= Metosul =

Toy manufacturer

MetOsul was Portugal's oldest diecast toy manufacturer. The original company was founded in the Atlantic coastal town of Espinho a few miles south of Oporto, in 1931. At its high point it was known for making quality castings in the style of Dinky Toys.

==Name and history==
Originally called Luso-Celluloide, the company made toy jewelry, and other trinkets, focusing on celluloid (plastic) objects. Later, the name Osul was created for the production of plastics - this was an anagram of the Luso name. Zamac toys appeared in the 1960s, thus the name Metal Osul or MetOsul (with a capital 'O') was coined. Metosul made various metal objects besides cars including a large assortment of toy tools. The meat of the Metosul name were its line of 1:43 scale cars and trucks. Metosul lasted until about 1990. Other diecast manufacturers like Vitesse and Trofeu appeared during the European Union years, but, apparently, Metosul was not a company that benefited from EU funding, perhaps because it was not a start-up. Zamac metal and also plastic vehicles, usually in 1:43 scale, also appeared under the Luso Toys name during the 1970s and 1980s.

==Model lines==
Contrary to what is often said, no MetOsul vehicles were produced from tooling acquired from British or French Dinky Toys. The Atlantean bus is similar to the former Dinky model, though a mirror image so that the driver is on the left. I was produced in many combinations and
liveries and although the same size as the Dinky has many small differences. It is notable that Portugal was one of the few European countries that had large fleets of double-decker busses in the 1960's. Most of the cars were produced in 1/43 scale, while the Atlantean bus, and trucks, were made smaller.

Among the best known in about 1:43 scale are the Renault Floride, Alfa Romeo Giulietta Spyder, Caravana Notin, Citroën DS 19, Leyland Atlantean Bus, Mercedes-Benz 1113 truck, Mercedes-Benz 190, Mercedes-Benz 200, Mini Morris Cooper, Peugeot 204, Peugeot 304, Renault R16, Volvo P1800, 1907 Rolls-Royce, Volkswagen Beetle, Volkswagen Combi, and a 1960s style camper trailer. There was also a smaller line in about 1:60 scale - one was a Volkswagen transporter panel van with a sliding side door.
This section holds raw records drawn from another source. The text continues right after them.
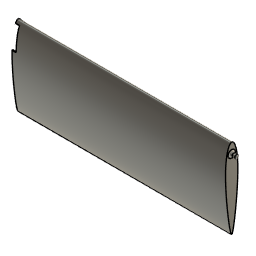
ailerons v11 (Autodesk Fusion 360 design; units mm, degrees)
Autodesk Fusion 360 part; units mm, degrees
note: some values were not read from the file. Set by a fixed rule: which sketch regions a step uses.
sketch "Sketch1" plane through (0, 0, 0) normal (1, 0, 0) x (0, 1, 0)
  spline S0 degree 5 poles (0, 0) (-0.0984, 0) (-0.2953, 0.2081) (-0.6031, 1.1448) (-1.0883, 3.5986) (-1.7768, 8.3639) (-2.4496, 14.3583) (-2.9457, 20.9396) (-3.1157, 27.3952) (-2.7821, 32.7537) (-2.0096, 36.5171) (-1.004, 38.6653) (0, 39.3389) (1.004, 38.6653) (2.0096, 36.5171) (2.7821, 32.7537) (3.1157, 27.3952) (2.9457, 20.9396) (2.4496, 14.3583) (1.7768, 8.3639) (1.0883, 3.5986) (0.6031, 1.1448) (0.2953, 0.2081) (0.0984, 0) (0, 0) knots 0 0 0 0 0 0 0.05 0.1 0.15 0.2 0.25 0.3 0.35 0.4 0.45 0.5 0.55 0.6 0.65 0.7 0.75 0.8 0.85 0.9 0.95 1 1 1 1 1 1
  line L0 (-3, 16) -> (-3, 36)
  line L1 (3, 36) -> (3, 16)
  line L2 (-1.5, 39) -> (1.5, 39)
  line L3 (0.5, 0) -> (-0.5, 0)
  point P0 (-3, 26)
  point P1 (0, 39)
  point P2 (3, 26)
  dimension "d1" = 26
  dimension "d2" = 13
  dimension "d4" = 6
  dimension "d5" = 20
  dimension "d6" = 1
  dimension "d7" = 3
  constraint coincident S0.start S0.end
  constraint midpoint P0 L0
  constraint vertical L0
  constraint midpoint P2 L1
  constraint vertical L1
  constraint midpoint P1 L2
  constraint horizontal L2
  constraint midpoint S0.start L3
  constraint horizontal L3
  constraint horizontal P0 P2
  constraint vertical S0.start P1
  constraint equal L0 L1
  measures "d1" distance of S0.start P0
  measures "d2" vertical distance of P0 P1
  measures "d4" distance of P0 P2
  measures "d5" distance of L1.start L1.end
  measures "d6" distance of L3.start L3.end
  measures "d7" distance of L2.start L2.end
extrude "Extrude1" add sketch "Sketch1" along normal blind 104
sketch "Sketch2" plane through (0, 0, 0) normal (-1, 0, 0) x (0, -1, 0)
  spline S0 degree 5 poles (0, 0) (0.0984, 0) (0.2953, 0.2081) (0.6031, 1.1448) (1.0883, 3.5986) (1.7768, 8.3639) (2.4496, 14.3583) (2.9457, 20.9396) (3.1157, 27.3952) (2.7821, 32.7537) (2.0096, 36.5171) (1.004, 38.6653) (0, 39.3389) (-1.004, 38.6653) (-2.0096, 36.5171) (-2.7821, 32.7537) (-3.1157, 27.3952) (-2.9457, 20.9396) (-2.4496, 14.3583) (-1.7768, 8.3639) (-1.0883, 3.5986) (-0.6031, 1.1448) (-0.2953, 0.2081) (-0.0984, 0) (0, 0) knots 0 0 0 0 0 0 0.05 0.1 0.15 0.2 0.25 0.3 0.35 0.4 0.45 0.5 0.55 0.6 0.65 0.7 0.75 0.8 0.85 0.9 0.95 1 1 1 1 1 1
  circle A0 centre (0, 34) radius 3.65
  circle A1 centre (0, 20) radius 2.25
  line L0 (2.2475, 19.8944) -> (2.8, 31.6585)
  line L1 (-2.2475, 19.8944) -> (-2.8, 31.6585)
  dimension "d10" = 7.3
  dimension "d11" = 4.5
  dimension "d12" = 14
  dimension "d13" = 5.6
  dimension "d14" = 34
  constraint coincident A1 L0.start
  constraint coincident A0 L0.end
  constraint coincident A1 L1.start
  constraint coincident A0 L1.end
  constraint vertical A0.centre A1.centre
  constraint vertical S0.start A1.centre
  constraint tangent A1 L1
  constraint tangent A1 L0
  constraint horizontal L0.end L1.end
  measures "d10" diameter of A0
  measures "d11" diameter of A1
  measures "d12" distance of A0.centre A1.centre
  measures "d13" horizontal distance of L0.end L1.end
  measures "d14" distance of S0.start A0.centre
extrude "Extrude2" cut sketch "Sketch2" against normal blind 2 contours S0 A0 A1 L0 L1 | S0 A0 | A1 picked at (0.1296, 33.0055)
sketch "Sketch3" plane through (104, 0, 0) normal (1, 0, 0) x (0, 1, 0)
  spline S0 degree 5 poles (0, 0) (0.0984, 0) (0.2953, 0.2081) (0.6031, 1.1448) (1.0883, 3.5986) (1.7768, 8.3639) (2.4496, 14.3583) (2.9457, 20.9396) (3.1157, 27.3952) (2.7821, 32.7537) (2.0096, 36.5171) (1.004, 38.6653) (0, 39.3389) (-1.004, 38.6653) (-2.0096, 36.5171) (-2.7821, 32.7537) (-3.1157, 27.3952) (-2.9457, 20.9396) (-2.4496, 14.3583) (-1.7768, 8.3639) (-1.0883, 3.5986) (-0.6031, 1.1448) (-0.2953, 0.2081) (-0.0984, 0) (0, 0) knots -1 -1 -1 -1 -1 -1 -0.95 -0.9 -0.85 -0.8 -0.75 -0.7 -0.65 -0.6 -0.55 -0.5 -0.45 -0.4 -0.35 -0.3 -0.25 -0.2 -0.15 -0.1 -0.05 0 0 0 0 0 0
  circle A0 centre (0, 34) radius 0.8
  dimension "d17" = 1.6
  dimension "d18" = 34
  constraint vertical S0.start A0.centre
  measures "d17" diameter of A0
  measures "d18" distance of S0.start A0.centre
extrude "Extrude3" add sketch "Sketch3" along normal blind 3 contours A0
fillet "Fillet1" radius 1 1 edges at (104, -0.7459, 34.2893)
fillet "Fillet1" radius 0.7 1 edges at (107, -0.7459, 33.7107)
fillet "Fillet1" radius 0.2 4 edges at (1, -1.5285, 37.3146) (1, 1.5285, 37.3146) (1, -2.7837, 31.3111) (1, 2.7837, 31.3111)

Each car was available in four or five colors and the vehicles had hand painted details, especially the buses. Cars often had different liveries to boost sales. For example, the Mercedes 200 came in Policia, Policia "Comando" (command) car, Fire Chief car, Portuguese taxi, Portuguese 'rental' ("aluguer"), and an Amsterdam taxi. The Mercedes 1113 truck came in SONAP, FINA, Shell, Golp, BSB Porto, and SACOR tankers, box back postal delivery, and canvas covered policia, E.G.T. Community Service, GNR, and military troop carrier variations. The Volvo P1800, oddly, came in a police variant, but, in fact, almost every car came in a police variant, even the sporty Volvo and Renault Floride.

==Marketing==
Earlier 1960s boxes were cardboard with blue and red sides with illustrations of the vehicles found inside. Box flaps were yellow and the overall design was reminiscent of Dinky or Corgi. A few years later, packages were commonly yellow cardboard with an early use of thin plastic behind oval windows cut from the sides of the boxes. Overall, the packaging still looked Dinky or Corgi, with 'view' windows appearing about the same time as these larger firms.